--- Data to examine Enclosed Below ---

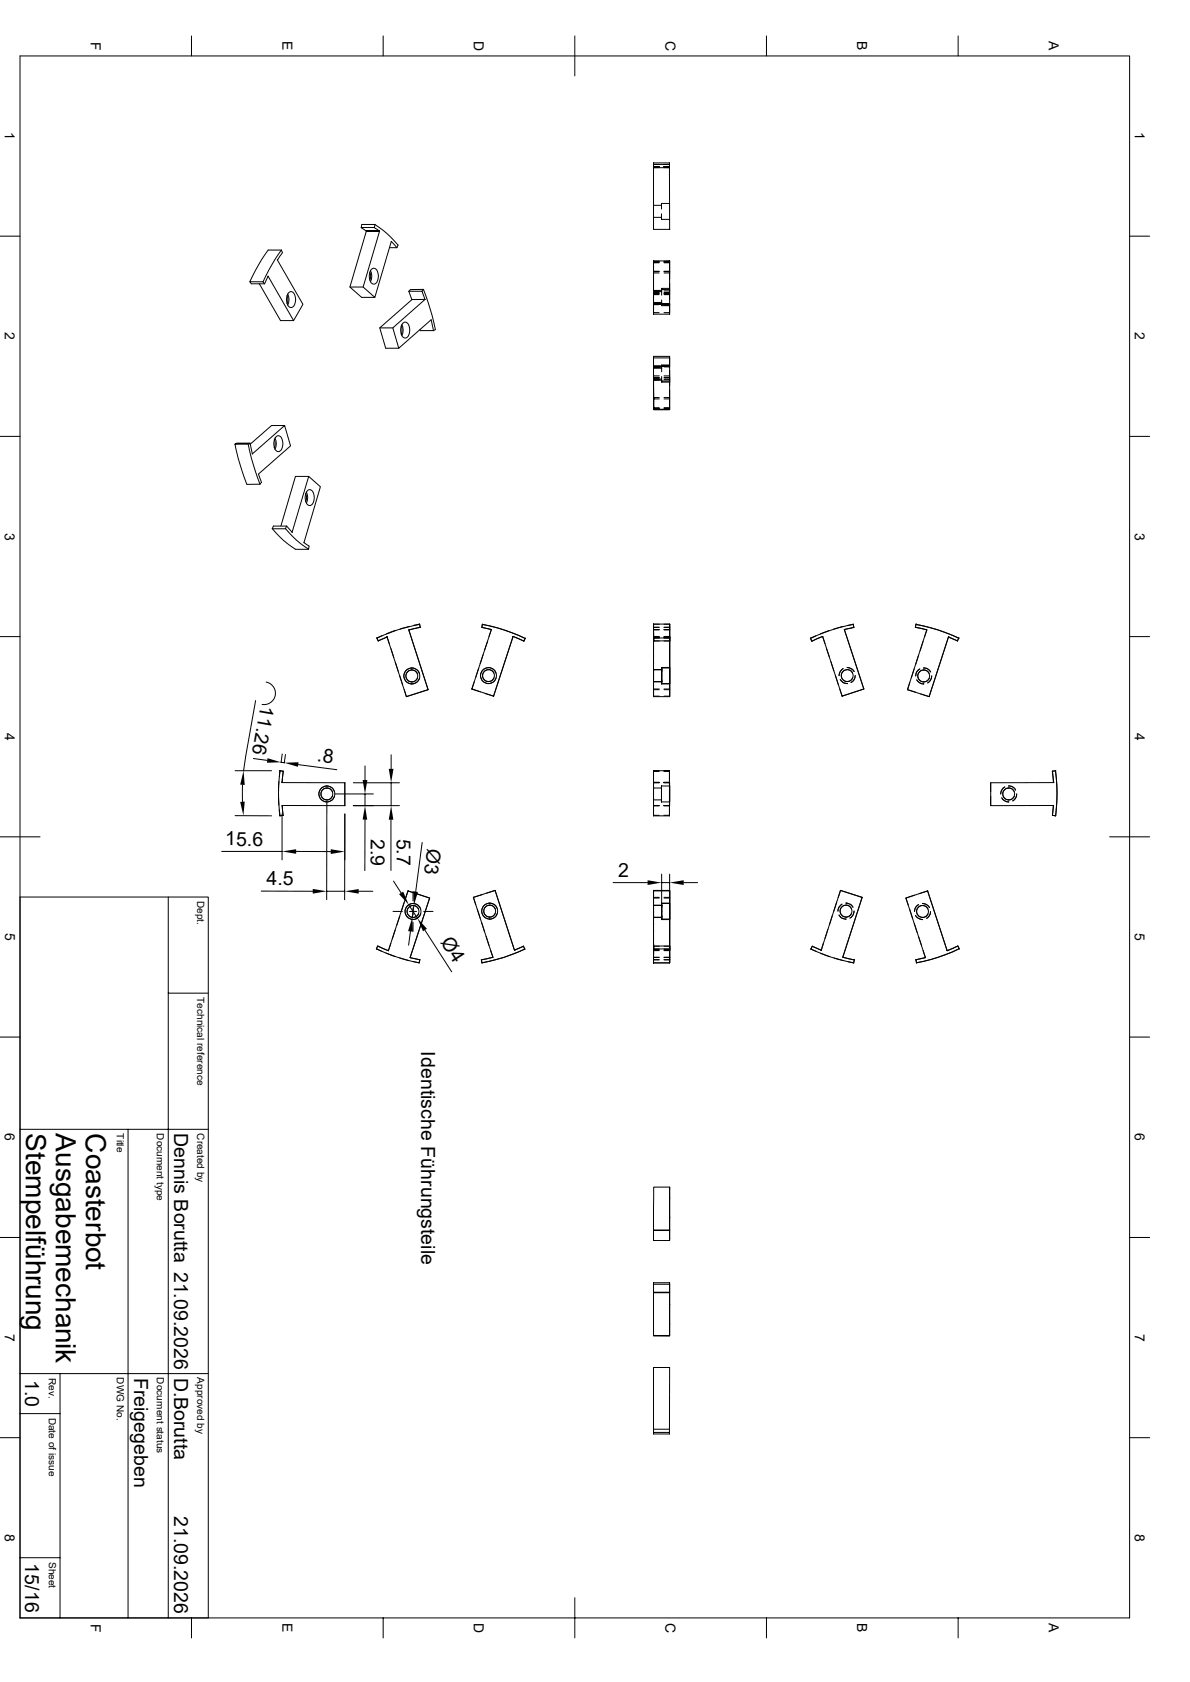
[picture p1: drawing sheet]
<svg xmlns="http://www.w3.org/2000/svg" width="297mm" height="420mm" viewBox="0 0 297 420" stroke-linecap="round" stroke-linejoin="round" font-family="sans-serif">
<g fill="none" stroke="#000" stroke-width=".25">
<path d="M5 14h276.9v390h-276.9zM47.8 9v5M95.6 9v5M143.5 9v10M191.3 9v5M239.1 9v5M0 59h5M90.1 56.9l1.3 .8h3.3M90.3 56h3.3l-.2 .8h-3.2zM93.4 56.9l1.3 .8M93.6 56.1l3 2.2 2.8 2.9M94.7 57.7h-3.3l-4.1 14 3 2.6h3.3"/>
<path d="M94.7 57.7l-4.1 14 3 2.6 4.1-14M163.1 57.3h4zM163.1 40.7h4M163.1 54.3h2M163.1 51.3h2M163.1 40.7v.4M163.1 41.9v15.4M163.1 41.9h4M163.1 41.1h1.4M164.5 41.6h-1.4h1.4M165.1 53.4v1.4h2M165.7 41.6h1.4z"/>
<path d="M165.7 41.6h1.4M165.7 41.1h1.4M167.1 40.7v.4M167.1 40.7v16.6M167.1 41.1h-4v.8M167.1 50.8h-2v1.4M167.1 57.3h.1M281.9 59h5M64.7 70.9l5.3 9.2h3.3M65.6 70.4h-3.2l.3 .5h3.3M65.6 70.4l.4 .5M66.8 69l6.5 11.1"/>
<path d="M66.9 69l-.9 1.9M69.3 64.8l6.3 11.2-2.3 4.1M70.2 62.4l.3 .7-1.2 1.8M70.2 62.4l-2.4 3.8-2.1 4.2M70.2 62.4h-3.3l-2.4 3.8-2.1 4.2M71.6 73.8a2.54 2.54 0 0 1 0 2M71.8 73.4a3.1 3.1 0 0 1 0 2.8M71.9 73.2a.97 .97 0 0 1 1.2-.3 .97 .97 0 0 1 .6 1.1 2.27 2.27 0 0 1-1.1 2.8 2.1 2.1 0 0 1-1-2.8zM87.3 71.7h3.3M92.3 67.9a2.54 2.54 0 0 1 0 2.1M92.5 67.6a3.1 3.1 0 0 1 0 2.8M92.6 67.4a.97 .97 0 0 1 1.1-.3 .97 .97 0 0 1 .6 1 2.27 2.27 0 0 1-1 2.9 2.1 2.1 0 0 1-1-2.9z"/>
<path d="M97.2 61.8h1.9M97.7 60.3h.1M97.7 60.3l1.4 1.5M99.4 61.2l-.3 .6M102 72.7l.8 2.1M102.4 72.3h3.3l-.4 .4h-3.2zM105.3 72.7l.8 2.1M105.7 72.3l2.2 6.5 .8 3.5-.5 .2h-3.3M163.1 65.2h4v13.2h-4zM163.1 76.1h1.4M163.1 73.3h1.4M163.1 75.9h1.4"/>
<path d="M163.1 73.2h1.4M163.1 72.6h1.4M163.1 67.8h1.4M163.1 67.7h1.4M163.1 65.6h1.4M163.1 75.5h2M163.1 72.5h2M163.1 76h4M163.1 65.5h1.4M163.1 68.2h1.4M163.1 75.8h4M164.5 65.3h-1.4v12.8h1.4"/>
<path d="M164.5 73l-1.4 .1M165.1 72.8h-2v.8h1.4M165.1 72.3v1.4M165.1 74.9v1.4h2M165.1 72.3h2M165.7 65.3l1.4-.1v2.6M165.7 76.1h1.4M165.7 73.3h1.4M165.7 75.9h1.4M165.7 73.2h1.4M165.7 78.1h1.4M165.7 72.6h1.4"/>
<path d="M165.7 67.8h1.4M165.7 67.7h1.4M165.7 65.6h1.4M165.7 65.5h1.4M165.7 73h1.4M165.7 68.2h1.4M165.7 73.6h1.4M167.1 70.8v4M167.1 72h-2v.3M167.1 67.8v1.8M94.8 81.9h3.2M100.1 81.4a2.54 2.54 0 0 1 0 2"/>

--- End of Enclosed Data to examine ---

## [Your goal]
Since the pictures don't belong in the copy, copy only the rest of the entries above exactly.

## [Response]
[picture p1: drawing sheet]
<svg xmlns="http://www.w3.org/2000/svg" width="297mm" height="420mm" viewBox="0 0 297 420" stroke-linecap="round" stroke-linejoin="round" font-family="sans-serif">
<g fill="none" stroke="#000" stroke-width=".25">
<path d="M5 14h276.9v390h-276.9zM47.8 9v5M95.6 9v5M143.5 9v10M191.3 9v5M239.1 9v5M0 59h5M90.1 56.9l1.3 .8h3.3M90.3 56h3.3l-.2 .8h-3.2zM93.4 56.9l1.3 .8M93.6 56.1l3 2.2 2.8 2.9M94.7 57.7h-3.3l-4.1 14 3 2.6h3.3"/>
<path d="M94.7 57.7l-4.1 14 3 2.6 4.1-14M163.1 57.3h4zM163.1 40.7h4M163.1 54.3h2M163.1 51.3h2M163.1 40.7v.4M163.1 41.9v15.4M163.1 41.9h4M163.1 41.1h1.4M164.5 41.6h-1.4h1.4M165.1 53.4v1.4h2M165.7 41.6h1.4z"/>
<path d="M165.7 41.6h1.4M165.7 41.1h1.4M167.1 40.7v.4M167.1 40.7v16.6M167.1 41.1h-4v.8M167.1 50.8h-2v1.4M167.1 57.3h.1M281.9 59h5M64.7 70.9l5.3 9.2h3.3M65.6 70.4h-3.2l.3 .5h3.3M65.6 70.4l.4 .5M66.8 69l6.5 11.1"/>
<path d="M66.9 69l-.9 1.9M69.3 64.8l6.3 11.2-2.3 4.1M70.2 62.4l.3 .7-1.2 1.8M70.2 62.4l-2.4 3.8-2.1 4.2M70.2 62.4h-3.3l-2.4 3.8-2.1 4.2M71.6 73.8a2.54 2.54 0 0 1 0 2M71.8 73.4a3.1 3.1 0 0 1 0 2.8M71.9 73.2a.97 .97 0 0 1 1.2-.3 .97 .97 0 0 1 .6 1.1 2.27 2.27 0 0 1-1.1 2.8 2.1 2.1 0 0 1-1-2.8zM87.3 71.7h3.3M92.3 67.9a2.54 2.54 0 0 1 0 2.1M92.5 67.6a3.1 3.1 0 0 1 0 2.8M92.6 67.4a.97 .97 0 0 1 1.1-.3 .97 .97 0 0 1 .6 1 2.27 2.27 0 0 1-1 2.9 2.1 2.1 0 0 1-1-2.9z"/>
<path d="M97.2 61.8h1.9M97.7 60.3h.1M97.7 60.3l1.4 1.5M99.4 61.2l-.3 .6M102 72.7l.8 2.1M102.4 72.3h3.3l-.4 .4h-3.2zM105.3 72.7l.8 2.1M105.7 72.3l2.2 6.5 .8 3.5-.5 .2h-3.3M163.1 65.2h4v13.2h-4zM163.1 76.1h1.4M163.1 73.3h1.4M163.1 75.9h1.4"/>
<path d="M163.1 73.2h1.4M163.1 72.6h1.4M163.1 67.8h1.4M163.1 67.7h1.4M163.1 65.6h1.4M163.1 75.5h2M163.1 72.5h2M163.1 76h4M163.1 65.5h1.4M163.1 68.2h1.4M163.1 75.8h4M164.5 65.3h-1.4v12.8h1.4"/>
<path d="M164.5 73l-1.4 .1M165.1 72.8h-2v.8h1.4M165.1 72.3v1.4M165.1 74.9v1.4h2M165.1 72.3h2M165.7 65.3l1.4-.1v2.6M165.7 76.1h1.4M165.7 73.3h1.4M165.7 75.9h1.4M165.7 73.2h1.4M165.7 78.1h1.4M165.7 72.6h1.4"/>
<path d="M165.7 67.8h1.4M165.7 67.7h1.4M165.7 65.6h1.4M165.7 65.5h1.4M165.7 73h1.4M165.7 68.2h1.4M165.7 73.6h1.4M167.1 70.8v4M167.1 72h-2v.3M167.1 67.8v1.8M94.8 81.9h3.2M100.1 81.4a2.54 2.54 0 0 1 0 2"/>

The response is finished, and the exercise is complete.